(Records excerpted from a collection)
##########
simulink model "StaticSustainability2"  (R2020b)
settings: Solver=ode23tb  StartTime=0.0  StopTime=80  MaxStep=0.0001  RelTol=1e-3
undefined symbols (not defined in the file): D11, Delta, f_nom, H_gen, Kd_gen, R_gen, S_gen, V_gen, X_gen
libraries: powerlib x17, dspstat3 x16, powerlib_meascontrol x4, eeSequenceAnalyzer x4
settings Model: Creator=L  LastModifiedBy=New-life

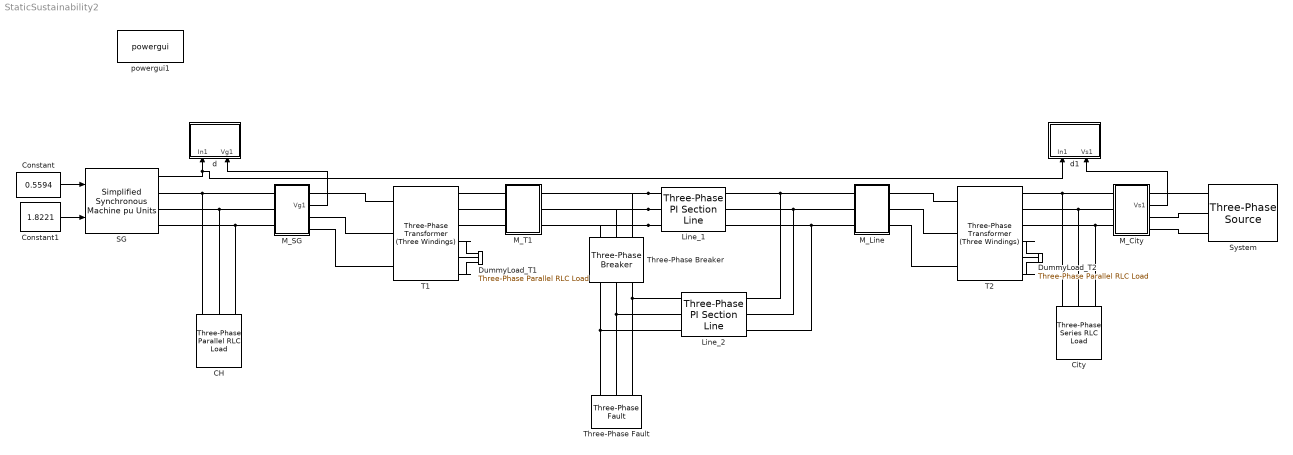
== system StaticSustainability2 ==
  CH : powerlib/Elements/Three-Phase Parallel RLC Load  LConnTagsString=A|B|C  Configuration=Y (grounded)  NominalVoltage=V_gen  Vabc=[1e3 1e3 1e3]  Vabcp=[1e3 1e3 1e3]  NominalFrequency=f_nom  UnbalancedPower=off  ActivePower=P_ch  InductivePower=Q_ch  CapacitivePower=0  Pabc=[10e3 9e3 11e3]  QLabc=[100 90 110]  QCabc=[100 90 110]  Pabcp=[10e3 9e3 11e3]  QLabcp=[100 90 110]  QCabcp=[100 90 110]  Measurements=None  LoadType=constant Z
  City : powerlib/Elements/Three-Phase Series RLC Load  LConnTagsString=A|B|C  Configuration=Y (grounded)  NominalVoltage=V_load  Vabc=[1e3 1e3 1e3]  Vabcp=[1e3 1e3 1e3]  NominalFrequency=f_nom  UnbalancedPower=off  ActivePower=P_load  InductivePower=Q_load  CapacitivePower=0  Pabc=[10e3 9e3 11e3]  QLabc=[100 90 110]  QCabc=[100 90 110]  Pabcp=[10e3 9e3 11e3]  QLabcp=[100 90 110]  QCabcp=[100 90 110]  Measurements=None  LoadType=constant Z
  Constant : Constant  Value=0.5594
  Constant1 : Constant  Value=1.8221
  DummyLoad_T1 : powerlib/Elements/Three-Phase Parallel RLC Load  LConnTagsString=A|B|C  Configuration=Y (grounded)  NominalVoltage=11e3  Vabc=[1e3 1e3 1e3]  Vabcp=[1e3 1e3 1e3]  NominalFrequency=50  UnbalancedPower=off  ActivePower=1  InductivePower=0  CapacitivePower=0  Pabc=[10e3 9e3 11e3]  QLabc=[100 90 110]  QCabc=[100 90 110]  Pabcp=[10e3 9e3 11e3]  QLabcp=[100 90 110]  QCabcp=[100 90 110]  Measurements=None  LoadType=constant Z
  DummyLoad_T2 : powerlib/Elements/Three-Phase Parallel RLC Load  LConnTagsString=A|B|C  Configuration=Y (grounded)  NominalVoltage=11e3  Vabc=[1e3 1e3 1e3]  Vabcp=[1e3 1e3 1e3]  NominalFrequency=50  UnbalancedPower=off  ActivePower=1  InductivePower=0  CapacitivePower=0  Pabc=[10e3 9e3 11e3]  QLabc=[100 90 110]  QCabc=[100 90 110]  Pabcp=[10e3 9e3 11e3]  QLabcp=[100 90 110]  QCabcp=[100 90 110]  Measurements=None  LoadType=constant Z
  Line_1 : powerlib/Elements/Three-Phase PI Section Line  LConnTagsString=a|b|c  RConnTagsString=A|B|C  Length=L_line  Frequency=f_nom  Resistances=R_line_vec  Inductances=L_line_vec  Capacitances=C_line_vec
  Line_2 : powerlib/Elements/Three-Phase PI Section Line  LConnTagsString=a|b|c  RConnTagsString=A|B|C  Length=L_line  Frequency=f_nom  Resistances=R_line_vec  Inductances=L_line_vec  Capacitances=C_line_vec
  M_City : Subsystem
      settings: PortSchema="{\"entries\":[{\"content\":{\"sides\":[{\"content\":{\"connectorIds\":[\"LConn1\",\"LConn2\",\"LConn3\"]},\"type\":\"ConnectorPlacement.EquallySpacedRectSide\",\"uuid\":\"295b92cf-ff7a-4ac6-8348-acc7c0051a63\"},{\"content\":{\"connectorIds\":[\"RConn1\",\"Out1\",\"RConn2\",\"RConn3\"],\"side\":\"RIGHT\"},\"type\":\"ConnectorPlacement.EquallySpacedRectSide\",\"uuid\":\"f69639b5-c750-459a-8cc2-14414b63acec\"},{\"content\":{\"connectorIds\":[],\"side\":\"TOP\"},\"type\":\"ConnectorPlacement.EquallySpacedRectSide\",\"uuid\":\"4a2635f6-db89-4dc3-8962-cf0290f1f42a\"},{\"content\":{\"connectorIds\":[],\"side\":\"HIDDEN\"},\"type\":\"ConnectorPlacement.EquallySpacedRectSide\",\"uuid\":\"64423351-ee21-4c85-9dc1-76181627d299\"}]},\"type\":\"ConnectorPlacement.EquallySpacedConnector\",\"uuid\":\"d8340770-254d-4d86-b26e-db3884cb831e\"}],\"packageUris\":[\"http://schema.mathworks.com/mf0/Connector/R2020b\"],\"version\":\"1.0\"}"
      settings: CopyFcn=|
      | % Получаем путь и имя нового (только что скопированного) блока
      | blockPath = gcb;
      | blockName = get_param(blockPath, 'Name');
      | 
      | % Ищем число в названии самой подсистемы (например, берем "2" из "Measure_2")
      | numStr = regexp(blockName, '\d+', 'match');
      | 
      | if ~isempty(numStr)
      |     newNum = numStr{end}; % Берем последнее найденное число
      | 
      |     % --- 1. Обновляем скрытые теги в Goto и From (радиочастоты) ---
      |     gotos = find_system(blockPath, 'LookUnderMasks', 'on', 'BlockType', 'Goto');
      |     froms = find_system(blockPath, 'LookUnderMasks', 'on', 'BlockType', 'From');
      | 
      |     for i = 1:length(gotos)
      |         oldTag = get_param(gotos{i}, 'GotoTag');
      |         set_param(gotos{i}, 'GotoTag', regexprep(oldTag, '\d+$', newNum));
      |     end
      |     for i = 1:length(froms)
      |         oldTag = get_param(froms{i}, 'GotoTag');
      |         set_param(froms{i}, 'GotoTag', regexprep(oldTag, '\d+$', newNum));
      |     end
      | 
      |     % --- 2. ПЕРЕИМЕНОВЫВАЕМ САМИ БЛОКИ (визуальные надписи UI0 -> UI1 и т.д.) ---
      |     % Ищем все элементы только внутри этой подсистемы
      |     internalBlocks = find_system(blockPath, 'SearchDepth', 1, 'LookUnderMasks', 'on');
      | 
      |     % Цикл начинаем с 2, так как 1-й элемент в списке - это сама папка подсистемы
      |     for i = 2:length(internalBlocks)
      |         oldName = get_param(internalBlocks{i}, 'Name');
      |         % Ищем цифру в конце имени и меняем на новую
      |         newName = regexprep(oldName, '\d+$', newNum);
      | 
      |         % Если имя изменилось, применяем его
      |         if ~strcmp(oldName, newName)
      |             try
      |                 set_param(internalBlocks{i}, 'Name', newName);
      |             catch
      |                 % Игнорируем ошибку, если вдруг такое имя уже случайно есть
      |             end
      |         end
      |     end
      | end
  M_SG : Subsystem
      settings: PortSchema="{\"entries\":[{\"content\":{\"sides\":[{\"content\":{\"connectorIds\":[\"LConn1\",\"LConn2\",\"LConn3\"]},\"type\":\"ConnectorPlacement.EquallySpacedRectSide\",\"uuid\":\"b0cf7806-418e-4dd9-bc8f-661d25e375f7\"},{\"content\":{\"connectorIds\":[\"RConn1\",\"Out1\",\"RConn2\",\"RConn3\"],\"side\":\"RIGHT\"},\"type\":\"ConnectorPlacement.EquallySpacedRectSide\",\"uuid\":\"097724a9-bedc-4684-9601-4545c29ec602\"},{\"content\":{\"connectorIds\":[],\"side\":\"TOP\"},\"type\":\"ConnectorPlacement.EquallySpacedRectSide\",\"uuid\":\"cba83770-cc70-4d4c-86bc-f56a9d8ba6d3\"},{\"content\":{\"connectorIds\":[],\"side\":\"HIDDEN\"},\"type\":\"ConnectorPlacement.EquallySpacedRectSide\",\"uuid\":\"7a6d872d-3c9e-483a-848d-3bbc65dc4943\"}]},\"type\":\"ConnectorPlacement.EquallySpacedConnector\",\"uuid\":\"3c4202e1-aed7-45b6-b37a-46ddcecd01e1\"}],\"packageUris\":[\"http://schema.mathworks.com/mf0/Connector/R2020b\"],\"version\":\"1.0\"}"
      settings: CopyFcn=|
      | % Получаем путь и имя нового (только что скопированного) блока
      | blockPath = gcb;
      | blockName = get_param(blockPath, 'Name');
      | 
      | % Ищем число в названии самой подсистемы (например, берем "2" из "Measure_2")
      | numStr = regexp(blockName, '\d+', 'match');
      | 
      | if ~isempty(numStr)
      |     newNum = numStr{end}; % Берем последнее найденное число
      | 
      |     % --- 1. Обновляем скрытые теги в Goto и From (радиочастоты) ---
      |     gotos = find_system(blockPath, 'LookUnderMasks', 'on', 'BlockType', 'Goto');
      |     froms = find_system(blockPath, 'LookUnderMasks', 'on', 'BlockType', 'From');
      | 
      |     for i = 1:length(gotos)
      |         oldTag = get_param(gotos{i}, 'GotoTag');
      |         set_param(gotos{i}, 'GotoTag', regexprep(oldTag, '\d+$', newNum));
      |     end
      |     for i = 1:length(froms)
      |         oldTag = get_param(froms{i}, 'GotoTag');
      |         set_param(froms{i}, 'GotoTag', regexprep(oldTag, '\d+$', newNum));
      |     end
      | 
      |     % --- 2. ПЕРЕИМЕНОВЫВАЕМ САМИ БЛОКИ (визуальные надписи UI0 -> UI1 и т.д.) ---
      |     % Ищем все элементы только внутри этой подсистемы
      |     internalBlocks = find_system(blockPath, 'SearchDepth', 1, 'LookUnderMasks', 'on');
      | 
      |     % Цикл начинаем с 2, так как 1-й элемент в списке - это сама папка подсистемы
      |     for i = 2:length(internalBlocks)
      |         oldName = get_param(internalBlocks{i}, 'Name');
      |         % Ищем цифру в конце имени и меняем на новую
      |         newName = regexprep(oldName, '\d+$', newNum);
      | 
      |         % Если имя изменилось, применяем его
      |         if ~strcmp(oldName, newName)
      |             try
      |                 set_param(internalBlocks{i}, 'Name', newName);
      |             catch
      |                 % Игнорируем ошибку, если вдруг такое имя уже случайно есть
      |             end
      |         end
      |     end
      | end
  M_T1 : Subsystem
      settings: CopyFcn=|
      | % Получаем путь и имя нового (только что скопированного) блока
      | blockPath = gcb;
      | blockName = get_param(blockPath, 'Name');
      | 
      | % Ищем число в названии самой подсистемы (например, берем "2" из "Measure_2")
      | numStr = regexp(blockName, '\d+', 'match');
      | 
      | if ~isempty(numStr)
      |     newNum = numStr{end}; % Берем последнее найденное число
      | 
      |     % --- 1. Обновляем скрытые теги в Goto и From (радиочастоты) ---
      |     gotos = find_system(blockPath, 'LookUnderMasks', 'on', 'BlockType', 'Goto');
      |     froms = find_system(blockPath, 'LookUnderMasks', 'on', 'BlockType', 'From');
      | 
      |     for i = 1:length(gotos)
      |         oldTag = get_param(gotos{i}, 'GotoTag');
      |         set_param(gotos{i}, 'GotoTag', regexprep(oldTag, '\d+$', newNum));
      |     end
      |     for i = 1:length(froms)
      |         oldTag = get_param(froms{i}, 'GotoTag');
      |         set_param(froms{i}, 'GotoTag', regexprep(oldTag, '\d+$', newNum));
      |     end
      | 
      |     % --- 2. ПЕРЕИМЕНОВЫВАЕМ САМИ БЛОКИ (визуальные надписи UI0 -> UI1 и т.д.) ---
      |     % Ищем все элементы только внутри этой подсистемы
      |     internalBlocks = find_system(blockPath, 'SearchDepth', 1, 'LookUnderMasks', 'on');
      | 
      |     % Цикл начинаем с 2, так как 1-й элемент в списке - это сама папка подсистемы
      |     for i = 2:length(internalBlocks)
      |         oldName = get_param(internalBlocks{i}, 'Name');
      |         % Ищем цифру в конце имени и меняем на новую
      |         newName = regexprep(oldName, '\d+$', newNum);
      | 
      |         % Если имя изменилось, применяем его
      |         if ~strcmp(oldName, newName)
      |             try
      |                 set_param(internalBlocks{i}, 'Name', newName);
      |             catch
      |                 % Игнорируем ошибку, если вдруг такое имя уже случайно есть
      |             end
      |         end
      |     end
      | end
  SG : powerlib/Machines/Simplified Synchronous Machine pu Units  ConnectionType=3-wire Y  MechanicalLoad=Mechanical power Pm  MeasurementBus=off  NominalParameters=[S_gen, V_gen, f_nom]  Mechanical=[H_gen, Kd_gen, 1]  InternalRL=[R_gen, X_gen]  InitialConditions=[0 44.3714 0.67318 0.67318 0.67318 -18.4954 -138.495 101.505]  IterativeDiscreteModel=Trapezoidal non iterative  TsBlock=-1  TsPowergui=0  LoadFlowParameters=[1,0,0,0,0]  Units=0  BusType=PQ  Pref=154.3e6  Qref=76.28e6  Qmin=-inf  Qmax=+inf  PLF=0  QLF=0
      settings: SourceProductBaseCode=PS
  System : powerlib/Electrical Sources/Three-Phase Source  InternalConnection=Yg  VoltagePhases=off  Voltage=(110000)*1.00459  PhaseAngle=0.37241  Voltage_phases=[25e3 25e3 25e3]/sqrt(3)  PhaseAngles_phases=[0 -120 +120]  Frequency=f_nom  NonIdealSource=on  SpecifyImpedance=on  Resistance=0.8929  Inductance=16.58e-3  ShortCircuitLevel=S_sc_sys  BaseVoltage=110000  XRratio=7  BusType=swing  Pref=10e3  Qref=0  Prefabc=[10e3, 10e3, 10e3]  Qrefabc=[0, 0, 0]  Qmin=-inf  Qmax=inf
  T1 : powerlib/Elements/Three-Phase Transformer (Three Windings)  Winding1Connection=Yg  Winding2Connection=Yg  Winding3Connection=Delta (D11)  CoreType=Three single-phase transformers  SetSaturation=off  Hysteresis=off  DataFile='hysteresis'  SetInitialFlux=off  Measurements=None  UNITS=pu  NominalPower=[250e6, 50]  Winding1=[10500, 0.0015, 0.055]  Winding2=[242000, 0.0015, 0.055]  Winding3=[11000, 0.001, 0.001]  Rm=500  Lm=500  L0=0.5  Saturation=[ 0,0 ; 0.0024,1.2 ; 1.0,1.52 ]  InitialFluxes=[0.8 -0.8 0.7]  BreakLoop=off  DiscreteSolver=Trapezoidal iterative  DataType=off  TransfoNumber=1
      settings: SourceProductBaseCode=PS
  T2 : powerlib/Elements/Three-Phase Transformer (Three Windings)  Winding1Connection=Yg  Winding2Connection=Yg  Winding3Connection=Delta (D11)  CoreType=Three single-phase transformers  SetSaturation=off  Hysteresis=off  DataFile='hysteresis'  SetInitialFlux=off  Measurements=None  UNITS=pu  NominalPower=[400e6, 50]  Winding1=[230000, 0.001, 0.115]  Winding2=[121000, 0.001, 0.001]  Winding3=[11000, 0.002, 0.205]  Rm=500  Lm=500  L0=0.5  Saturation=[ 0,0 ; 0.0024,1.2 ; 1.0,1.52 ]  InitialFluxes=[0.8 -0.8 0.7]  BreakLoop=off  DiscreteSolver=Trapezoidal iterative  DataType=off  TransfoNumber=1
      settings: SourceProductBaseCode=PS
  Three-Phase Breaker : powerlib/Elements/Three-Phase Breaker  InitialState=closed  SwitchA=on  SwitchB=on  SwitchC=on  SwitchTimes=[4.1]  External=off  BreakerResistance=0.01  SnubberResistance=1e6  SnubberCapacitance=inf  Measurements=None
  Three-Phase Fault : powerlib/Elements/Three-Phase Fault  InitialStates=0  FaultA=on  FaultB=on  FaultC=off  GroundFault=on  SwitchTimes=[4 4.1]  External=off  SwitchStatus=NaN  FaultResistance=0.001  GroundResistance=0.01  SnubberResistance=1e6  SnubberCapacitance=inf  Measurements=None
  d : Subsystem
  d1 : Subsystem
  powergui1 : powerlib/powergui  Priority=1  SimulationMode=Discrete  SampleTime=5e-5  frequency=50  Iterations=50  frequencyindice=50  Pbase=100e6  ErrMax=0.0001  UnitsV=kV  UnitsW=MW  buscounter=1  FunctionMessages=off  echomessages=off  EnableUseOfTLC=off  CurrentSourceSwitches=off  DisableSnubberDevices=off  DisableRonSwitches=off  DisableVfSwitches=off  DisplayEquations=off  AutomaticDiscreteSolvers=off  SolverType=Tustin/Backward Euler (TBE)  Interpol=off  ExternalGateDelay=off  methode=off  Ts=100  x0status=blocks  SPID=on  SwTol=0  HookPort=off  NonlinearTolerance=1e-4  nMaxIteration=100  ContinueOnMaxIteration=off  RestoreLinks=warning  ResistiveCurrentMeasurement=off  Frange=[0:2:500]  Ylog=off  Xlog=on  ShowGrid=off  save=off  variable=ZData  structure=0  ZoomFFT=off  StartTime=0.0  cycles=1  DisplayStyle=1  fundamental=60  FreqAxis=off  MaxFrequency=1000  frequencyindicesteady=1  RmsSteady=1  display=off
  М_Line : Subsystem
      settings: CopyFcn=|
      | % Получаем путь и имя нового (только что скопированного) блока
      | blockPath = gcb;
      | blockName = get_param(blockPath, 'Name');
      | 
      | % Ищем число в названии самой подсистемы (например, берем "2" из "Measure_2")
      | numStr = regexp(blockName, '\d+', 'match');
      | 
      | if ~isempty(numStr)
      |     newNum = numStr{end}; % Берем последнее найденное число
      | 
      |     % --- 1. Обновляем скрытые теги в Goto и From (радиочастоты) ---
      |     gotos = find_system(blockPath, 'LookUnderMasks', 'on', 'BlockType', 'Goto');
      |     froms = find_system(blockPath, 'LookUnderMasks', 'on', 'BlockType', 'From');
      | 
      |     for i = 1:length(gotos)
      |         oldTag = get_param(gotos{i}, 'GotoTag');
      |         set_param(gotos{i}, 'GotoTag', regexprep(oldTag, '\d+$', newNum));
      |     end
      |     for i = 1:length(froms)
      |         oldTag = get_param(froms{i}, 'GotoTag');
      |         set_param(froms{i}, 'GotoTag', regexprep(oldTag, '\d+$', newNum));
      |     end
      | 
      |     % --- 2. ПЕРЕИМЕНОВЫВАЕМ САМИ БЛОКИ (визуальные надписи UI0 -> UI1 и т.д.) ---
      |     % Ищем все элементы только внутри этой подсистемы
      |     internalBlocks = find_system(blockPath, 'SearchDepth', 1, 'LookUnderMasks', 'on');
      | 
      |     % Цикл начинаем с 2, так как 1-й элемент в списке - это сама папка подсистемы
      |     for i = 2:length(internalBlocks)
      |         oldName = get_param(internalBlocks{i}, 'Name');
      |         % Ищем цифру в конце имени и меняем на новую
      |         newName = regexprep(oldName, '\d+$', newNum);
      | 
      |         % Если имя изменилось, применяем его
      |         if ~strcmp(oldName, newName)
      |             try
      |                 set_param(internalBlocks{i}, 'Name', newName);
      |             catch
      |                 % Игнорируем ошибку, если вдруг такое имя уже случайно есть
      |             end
##########
EXERCISE DIRECTIONS –
A complete answer gives every line of the data that includes "SwitchTimes".

SOLUTION TO THIS EXERCISE –
  Three-Phase Breaker : powerlib/Elements/Three-Phase Breaker  InitialState=closed  SwitchA=on  SwitchB=on  SwitchC=on  SwitchTimes=[4.1]  External=off  BreakerResistance=0.01  SnubberResistance=1e6  SnubberCapacitance=inf  Measurements=None
  Three-Phase Fault : powerlib/Elements/Three-Phase Fault  InitialStates=0  FaultA=on  FaultB=on  FaultC=off  GroundFault=on  SwitchTimes=[4 4.1]  External=off  SwitchStatus=NaN  FaultResistance=0.001  GroundResistance=0.01  SnubberResistance=1e6  SnubberCapacitance=inf  Measurements=None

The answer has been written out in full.